# Nwes Flash: Pope Resigning



## granfire (Feb 11, 2013)

I thought it was an early April fools....but it seems to be genuine Pope Benedict XVI. is calling it quits.
http://www.sullivanil.us/SYB/baseball.jpg

I don't think there has been a Pope leaving the job alive since....ever....at least not in modern times...


----------



## Tez3 (Feb 11, 2013)

In 600 years they reckon. Oh well. I'd love to be a fly on the wall to watch the Cardinals politicking, scheming and generally canvassing for support!


----------



## granfire (Feb 11, 2013)

I doubt it will be pretty...


----------



## Xue Sheng (Feb 11, 2013)

last pope to resign was Gregory XII in the 15th century.


----------



## Instructor (Feb 11, 2013)

Any reliable information on why?


----------



## granfire (Feb 11, 2013)

the official word is health....


----------



## WC_lun (Feb 11, 2013)

He said he was not strong enough to continue.  I wonder if the next pope will be a reformer or not.


----------



## Xue Sheng (Feb 11, 2013)

I want to be the next pope&#8230;I will reform a lot....

I am not Catholic, not religious, have a Buddhist living in my house, not in the Vatican and I'm married&#8230;so &#8230;what do you think my chances are


----------



## Makalakumu (Feb 11, 2013)

Popes don't just quit. I wonder if this is involved with all of the sex scandels? Didn't this Ratzinger help cover it up while part of the lower orders?


----------



## Tez3 (Feb 11, 2013)

The television news programmes are rehashing his life and all those nice photos of him in the Hitler Youth are there again.....

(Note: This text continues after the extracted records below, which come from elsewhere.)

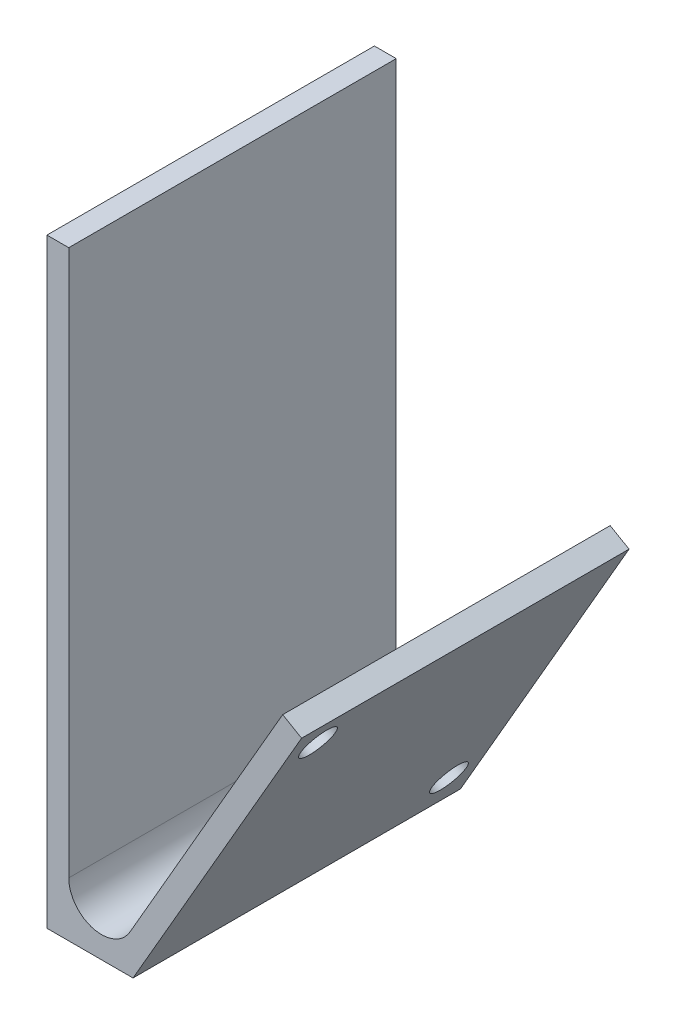
from build123d import *

# Parameters (mm, degrees)
RESSALTO_EXTRUS_O1_DEPTH = 30
ESBO_O2_R                = 1.6
CORTE_EXTRUS_O1_DEPTH    = 30


with BuildPart() as part:
    # Esboço1 → Ressalto-extrusão1 (new body)
    with BuildSketch(Plane.XY):
        with BuildLine():
            Line((0, 55), (0, 0))
            Line((0, 0), (7.886751346, 0))
            Line((7.886751346, 0), (23.330127019, 26.748711306))
            Line((23.330127019, 26.748711306), (21.598076211, 27.748711306))
            Line((21.598076211, 27.748711306), (7.598076211, 3.5))
            ThreePointArc((7.598076211, 3.5), (4.223542865, 2.102222521), (2, 5))
            Line((2, 5), (2, 55))
            Line((2, 55), (0, 55))
        make_face()
    extrude(amount=RESSALTO_EXTRUS_O1_DEPTH)

    # Esboço2 → Corte-extrusão1 (cut)
    with BuildSketch(Plane(origin=(4.183012702, -2.415063509, 0), x_dir=(0.5, 0.866025404, 0), z_dir=(-0.866025404, 0.5, 0))):
        with Locations((31.830127019, -27)):
            Circle(ESBO_O2_R)
        with Locations((7.830127019, -3)):
            Circle(ESBO_O2_R)
    extrude(amount=-CORTE_EXTRUS_O1_DEPTH, mode=Mode.SUBTRACT)


solid = part.part

By all accounts though his health is very poor, perhaps rather than have him linger on then bumping him off (allegedly) they want someone younger and stronger in place now, probably an Italian too.
He may want to stop flying his helicopter too, funnily enough this article was in one of Saturday's newspaper.

http://www.independent.co.uk/voices...are-of-the-popes-medical-history-8483786.html


----------



## granfire (Feb 11, 2013)

Tez3 said:


> The television news programmes are rehashing his life and all those nice photos of him in the Hitler Youth are there again.....
> 
> By all accounts though his health is very poor, perhaps rather than have him linger on then bumping him off (allegedly) they want someone younger and stronger in place now, probably an Italian too.
> He may want to stop flying his helicopter too, funnily enough this article was in one of Saturday's newspaper.
> ...





(In all fairness, at one point HJ was compulsory...)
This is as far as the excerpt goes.